* [Data supplied]

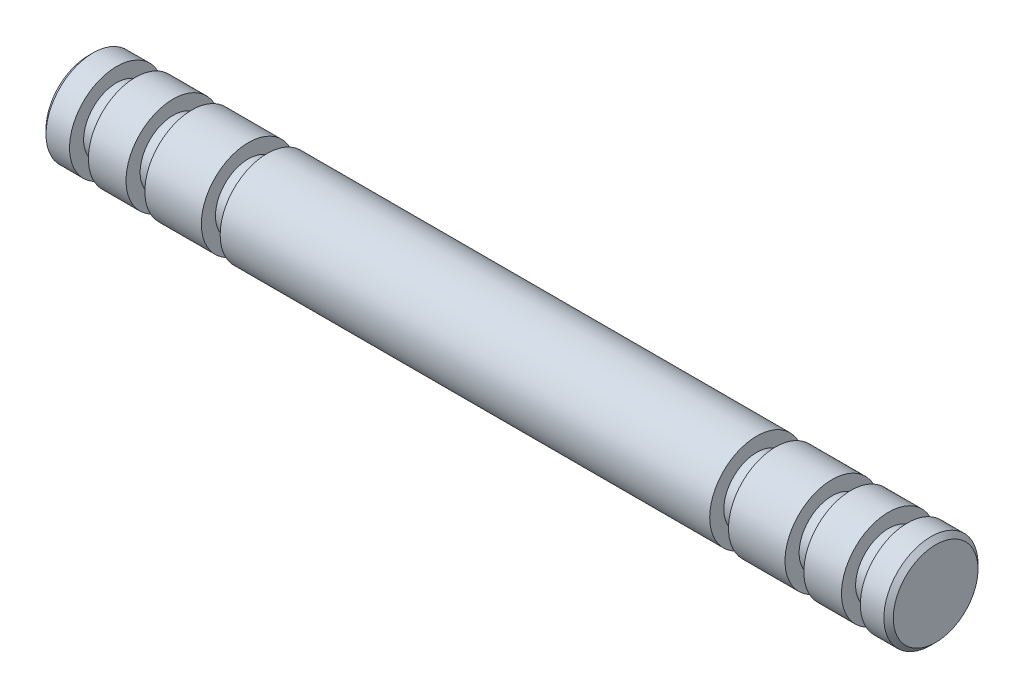
ISO-10303-21;
HEADER;
FILE_DESCRIPTION(('STEP AP214'),'2;1');
FILE_NAME('part.step','',(''),(''),'','','');
FILE_SCHEMA(('AUTOMOTIVE_DESIGN { 1 0 10303 214 1 1 1 1 }'));
ENDSEC;
DATA;
#1=APPLICATION_CONTEXT('core data for automotive mechanical design processes');
#2=APPLICATION_PROTOCOL_DEFINITION('international standard','automotive_design',2000,#1);
#3=PRODUCT_CONTEXT('',#1,'mechanical');
#4=PRODUCT('Part','Part','',(#3));
#5=PRODUCT_RELATED_PRODUCT_CATEGORY('part','',(#4));
#6=PRODUCT_DEFINITION_FORMATION('','',#4);
#7=PRODUCT_DEFINITION_CONTEXT('part definition',#1,'design');
#8=PRODUCT_DEFINITION('design','',#6,#7);
#9=PRODUCT_DEFINITION_SHAPE('','',#8);
#10=(LENGTH_UNIT() NAMED_UNIT(*) SI_UNIT(.MILLI.,.METRE.));
#11=(NAMED_UNIT(*) PLANE_ANGLE_UNIT() SI_UNIT($,.RADIAN.));
#12=(NAMED_UNIT(*) SI_UNIT($,.STERADIAN.) SOLID_ANGLE_UNIT());
#13=UNCERTAINTY_MEASURE_WITH_UNIT(LENGTH_MEASURE(1.E-05),#10,'distance_accuracy_value','');
#14=(GEOMETRIC_REPRESENTATION_CONTEXT(3) GLOBAL_UNCERTAINTY_ASSIGNED_CONTEXT((#13)) GLOBAL_UNIT_ASSIGNED_CONTEXT((#10,
#11,#12)) REPRESENTATION_CONTEXT('',''));
#15=CARTESIAN_POINT('',(0.,0.,0.));
#16=DIRECTION('',(0.,0.,1.));
#17=DIRECTION('',(1.,0.,0.));
#18=AXIS2_PLACEMENT_3D('',#15,#16,#17);
#19=CARTESIAN_POINT('',(-16.,0.,0.));
#20=DIRECTION('',(1.,0.,0.));
#21=DIRECTION('',(0.,0.,-1.));
#22=AXIS2_PLACEMENT_3D('',#19,#20,#21);
#23=CYLINDRICAL_SURFACE('',#22,5.);
#24=CARTESIAN_POINT('',(-18.5,0.,0.));
#25=DIRECTION('',(-1.,0.,0.));
#26=DIRECTION('',(0.,0.,1.));
#27=AXIS2_PLACEMENT_3D('',#24,#25,#26);
#28=CIRCLE('',#27,5.);
#29=CARTESIAN_POINT('',(-18.5,0.,5.));
#30=VERTEX_POINT('',#29);
#31=EDGE_CURVE('E53',#30,#30,#28,.F.);
#32=ORIENTED_EDGE('',*,*,#31,.T.);
#33=EDGE_LOOP('',(#32));
#34=FACE_BOUND('',#33,.T.);
#35=CARTESIAN_POINT('',(-16.,0.,0.));
#36=DIRECTION('',(1.,0.,0.));
#37=DIRECTION('',(0.,0.,-1.));
#38=AXIS2_PLACEMENT_3D('',#35,#36,#37);
#39=CIRCLE('',#38,5.);
#40=CARTESIAN_POINT('',(-16.,0.,-5.));
#41=VERTEX_POINT('',#40);
#42=EDGE_CURVE('E109',#41,#41,#39,.T.);
#43=ORIENTED_EDGE('',*,*,#42,.F.);
#44=EDGE_LOOP('',(#43));
#45=FACE_BOUND('',#44,.T.);
#46=ADVANCED_FACE('F39',(#34,#45),#23,.T.);
#47=CARTESIAN_POINT('',(68.,0.,0.));
#48=DIRECTION('',(-1.,0.,0.));
#49=DIRECTION('',(0.,0.,1.));
#50=AXIS2_PLACEMENT_3D('',#47,#48,#49);
#51=CYLINDRICAL_SURFACE('',#50,5.);
#52=CARTESIAN_POINT('',(70.5,0.,0.));
#53=DIRECTION('',(1.,0.,0.));
#54=DIRECTION('',(0.,0.,-1.));
#55=AXIS2_PLACEMENT_3D('',#52,#53,#54);
#56=CIRCLE('',#55,5.);
#57=CARTESIAN_POINT('',(70.5,0.,-5.));
#58=VERTEX_POINT('',#57);
#59=EDGE_CURVE('E10',#58,#58,#56,.F.);
#60=ORIENTED_EDGE('',*,*,#59,.T.);
#61=EDGE_LOOP('',(#60));
#62=FACE_BOUND('',#61,.T.);
#63=CARTESIAN_POINT('',(68.,0.,0.));
#64=DIRECTION('',(1.,0.,0.));
#65=DIRECTION('',(0.,0.,-1.));
#66=AXIS2_PLACEMENT_3D('',#63,#64,#65);
#67=CIRCLE('',#66,5.);
#68=CARTESIAN_POINT('',(68.,0.,-5.));
#69=VERTEX_POINT('',#68);
#70=EDGE_CURVE('E141',#69,#69,#67,.T.);
#71=ORIENTED_EDGE('',*,*,#70,.T.);
#72=EDGE_LOOP('',(#71));
#73=FACE_BOUND('',#72,.T.);
#74=ADVANCED_FACE('F182',(#62,#73),#51,.T.);
#75=CARTESIAN_POINT('',(52.,0.,0.));
#76=DIRECTION('',(-1.,0.,0.));
#77=DIRECTION('',(0.,0.,1.));
#78=AXIS2_PLACEMENT_3D('',#75,#76,#77);
#79=CYLINDRICAL_SURFACE('',#78,5.);
#80=CARTESIAN_POINT('',(52.,0.,0.));
#81=DIRECTION('',(1.,0.,0.));
#82=DIRECTION('',(0.,0.,-1.));
#83=AXIS2_PLACEMENT_3D('',#80,#81,#82);
#84=CIRCLE('',#83,5.);
#85=CARTESIAN_POINT('',(52.,0.,5.));
#86=VERTEX_POINT('',#85);
#87=EDGE_CURVE('E69',#86,#86,#84,.T.);
#88=CARTESIAN_POINT('',(0.,0.,0.));
#89=DIRECTION('',(1.,0.,0.));
#90=DIRECTION('',(0.,0.,-1.));
#91=AXIS2_PLACEMENT_3D('',#88,#89,#90);
#92=CIRCLE('',#91,5.);
#93=CARTESIAN_POINT('',(0.,0.,5.));
#94=VERTEX_POINT('',#93);
#95=EDGE_CURVE('E65',#94,#94,#92,.T.);
#96=CARTESIAN_POINT('',(52.,0.,5.));
#97=CARTESIAN_POINT('',(51.4583333333333,0.,5.));
#98=CARTESIAN_POINT('',(50.9166666666667,0.,5.));
#99=CARTESIAN_POINT('',(49.8333333333333,0.,5.));
#100=CARTESIAN_POINT('',(49.2916666666667,0.,5.));
#101=CARTESIAN_POINT('',(48.2083333333333,0.,5.));
#102=CARTESIAN_POINT('',(47.6666666666667,0.,5.));
#103=CARTESIAN_POINT('',(46.5833333333333,0.,5.));
#104=CARTESIAN_POINT('',(46.0416666666667,0.,5.));
#105=CARTESIAN_POINT('',(44.9583333333333,0.,5.));
#106=CARTESIAN_POINT('',(44.4166666666667,0.,5.));
#107=CARTESIAN_POINT('',(43.3333333333333,0.,5.));
#108=CARTESIAN_POINT('',(42.7916666666667,0.,5.));
#109=CARTESIAN_POINT('',(41.7083333333333,0.,5.));
#110=CARTESIAN_POINT('',(41.1666666666667,0.,5.));
#111=CARTESIAN_POINT('',(40.0833333333333,0.,5.));
#112=CARTESIAN_POINT('',(39.5416666666667,0.,5.));
#113=CARTESIAN_POINT('',(38.4583333333333,0.,5.));
#114=CARTESIAN_POINT('',(37.9166666666667,0.,5.));
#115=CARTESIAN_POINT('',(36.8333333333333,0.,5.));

* [Exercise goal] Print the entire listing precisely as written, omitting the images it holds.

* [Response to the task]
ISO-10303-21;
HEADER;
FILE_DESCRIPTION(('STEP AP214'),'2;1');
FILE_NAME('part.step','',(''),(''),'','','');
FILE_SCHEMA(('AUTOMOTIVE_DESIGN { 1 0 10303 214 1 1 1 1 }'));
ENDSEC;
DATA;
#1=APPLICATION_CONTEXT('core data for automotive mechanical design processes');
#2=APPLICATION_PROTOCOL_DEFINITION('international standard','automotive_design',2000,#1);
#3=PRODUCT_CONTEXT('',#1,'mechanical');
#4=PRODUCT('Part','Part','',(#3));
#5=PRODUCT_RELATED_PRODUCT_CATEGORY('part','',(#4));
#6=PRODUCT_DEFINITION_FORMATION('','',#4);
#7=PRODUCT_DEFINITION_CONTEXT('part definition',#1,'design');
#8=PRODUCT_DEFINITION('design','',#6,#7);
#9=PRODUCT_DEFINITION_SHAPE('','',#8);
#10=(LENGTH_UNIT() NAMED_UNIT(*) SI_UNIT(.MILLI.,.METRE.));
#11=(NAMED_UNIT(*) PLANE_ANGLE_UNIT() SI_UNIT($,.RADIAN.));
#12=(NAMED_UNIT(*) SI_UNIT($,.STERADIAN.) SOLID_ANGLE_UNIT());
#13=UNCERTAINTY_MEASURE_WITH_UNIT(LENGTH_MEASURE(1.E-05),#10,'distance_accuracy_value','');
#14=(GEOMETRIC_REPRESENTATION_CONTEXT(3) GLOBAL_UNCERTAINTY_ASSIGNED_CONTEXT((#13)) GLOBAL_UNIT_ASSIGNED_CONTEXT((#10,
#11,#12)) REPRESENTATION_CONTEXT('',''));
#15=CARTESIAN_POINT('',(0.,0.,0.));
#16=DIRECTION('',(0.,0.,1.));
#17=DIRECTION('',(1.,0.,0.));
#18=AXIS2_PLACEMENT_3D('',#15,#16,#17);
#19=CARTESIAN_POINT('',(-16.,0.,0.));
#20=DIRECTION('',(1.,0.,0.));
#21=DIRECTION('',(0.,0.,-1.));
#22=AXIS2_PLACEMENT_3D('',#19,#20,#21);
#23=CYLINDRICAL_SURFACE('',#22,5.);
#24=CARTESIAN_POINT('',(-18.5,0.,0.));
#25=DIRECTION('',(-1.,0.,0.));
#26=DIRECTION('',(0.,0.,1.));
#27=AXIS2_PLACEMENT_3D('',#24,#25,#26);
#28=CIRCLE('',#27,5.);
#29=CARTESIAN_POINT('',(-18.5,0.,5.));
#30=VERTEX_POINT('',#29);
#31=EDGE_CURVE('E53',#30,#30,#28,.F.);
#32=ORIENTED_EDGE('',*,*,#31,.T.);
#33=EDGE_LOOP('',(#32));
#34=FACE_BOUND('',#33,.T.);
#35=CARTESIAN_POINT('',(-16.,0.,0.));
#36=DIRECTION('',(1.,0.,0.));
#37=DIRECTION('',(0.,0.,-1.));
#38=AXIS2_PLACEMENT_3D('',#35,#36,#37);
#39=CIRCLE('',#38,5.);
#40=CARTESIAN_POINT('',(-16.,0.,-5.));
#41=VERTEX_POINT('',#40);
#42=EDGE_CURVE('E109',#41,#41,#39,.T.);
#43=ORIENTED_EDGE('',*,*,#42,.F.);
#44=EDGE_LOOP('',(#43));
#45=FACE_BOUND('',#44,.T.);
#46=ADVANCED_FACE('F39',(#34,#45),#23,.T.);
#47=CARTESIAN_POINT('',(68.,0.,0.));
#48=DIRECTION('',(-1.,0.,0.));
#49=DIRECTION('',(0.,0.,1.));
#50=AXIS2_PLACEMENT_3D('',#47,#48,#49);
#51=CYLINDRICAL_SURFACE('',#50,5.);
#52=CARTESIAN_POINT('',(70.5,0.,0.));
#53=DIRECTION('',(1.,0.,0.));
#54=DIRECTION('',(0.,0.,-1.));
#55=AXIS2_PLACEMENT_3D('',#52,#53,#54);
#56=CIRCLE('',#55,5.);
#57=CARTESIAN_POINT('',(70.5,0.,-5.));
#58=VERTEX_POINT('',#57);
#59=EDGE_CURVE('E10',#58,#58,#56,.F.);
#60=ORIENTED_EDGE('',*,*,#59,.T.);
#61=EDGE_LOOP('',(#60));
#62=FACE_BOUND('',#61,.T.);
#63=CARTESIAN_POINT('',(68.,0.,0.));
#64=DIRECTION('',(1.,0.,0.));
#65=DIRECTION('',(0.,0.,-1.));
#66=AXIS2_PLACEMENT_3D('',#63,#64,#65);
#67=CIRCLE('',#66,5.);
#68=CARTESIAN_POINT('',(68.,0.,-5.));
#69=VERTEX_POINT('',#68);
#70=EDGE_CURVE('E141',#69,#69,#67,.T.);
#71=ORIENTED_EDGE('',*,*,#70,.T.);
#72=EDGE_LOOP('',(#71));
#73=FACE_BOUND('',#72,.T.);
#74=ADVANCED_FACE('F182',(#62,#73),#51,.T.);
#75=CARTESIAN_POINT('',(52.,0.,0.));
#76=DIRECTION('',(-1.,0.,0.));
#77=DIRECTION('',(0.,0.,1.));
#78=AXIS2_PLACEMENT_3D('',#75,#76,#77);
#79=CYLINDRICAL_SURFACE('',#78,5.);
#80=CARTESIAN_POINT('',(52.,0.,0.));
#81=DIRECTION('',(1.,0.,0.));
#82=DIRECTION('',(0.,0.,-1.));
#83=AXIS2_PLACEMENT_3D('',#80,#81,#82);
#84=CIRCLE('',#83,5.);
#85=CARTESIAN_POINT('',(52.,0.,5.));
#86=VERTEX_POINT('',#85);
#87=EDGE_CURVE('E69',#86,#86,#84,.T.);
#88=CARTESIAN_POINT('',(0.,0.,0.));
#89=DIRECTION('',(1.,0.,0.));
#90=DIRECTION('',(0.,0.,-1.));
#91=AXIS2_PLACEMENT_3D('',#88,#89,#90);
#92=CIRCLE('',#91,5.);
#93=CARTESIAN_POINT('',(0.,0.,5.));
#94=VERTEX_POINT('',#93);
#95=EDGE_CURVE('E65',#94,#94,#92,.T.);
#96=CARTESIAN_POINT('',(52.,0.,5.));
#97=CARTESIAN_POINT('',(51.4583333333333,0.,5.));
#98=CARTESIAN_POINT('',(50.9166666666667,0.,5.));
#99=CARTESIAN_POINT('',(49.8333333333333,0.,5.));
#100=CARTESIAN_POINT('',(49.2916666666667,0.,5.));
#101=CARTESIAN_POINT('',(48.2083333333333,0.,5.));
#102=CARTESIAN_POINT('',(47.6666666666667,0.,5.));
#103=CARTESIAN_POINT('',(46.5833333333333,0.,5.));
#104=CARTESIAN_POINT('',(46.0416666666667,0.,5.));
#105=CARTESIAN_POINT('',(44.9583333333333,0.,5.));
#106=CARTESIAN_POINT('',(44.4166666666667,0.,5.));
#107=CARTESIAN_POINT('',(43.3333333333333,0.,5.));
#108=CARTESIAN_POINT('',(42.7916666666667,0.,5.));
#109=CARTESIAN_POINT('',(41.7083333333333,0.,5.));
#110=CARTESIAN_POINT('',(41.1666666666667,0.,5.));
#111=CARTESIAN_POINT('',(40.0833333333333,0.,5.));
#112=CARTESIAN_POINT('',(39.5416666666667,0.,5.));
#113=CARTESIAN_POINT('',(38.4583333333333,0.,5.));
#114=CARTESIAN_POINT('',(37.9166666666667,0.,5.));
#115=CARTESIAN_POINT('',(36.8333333333333,0.,5.));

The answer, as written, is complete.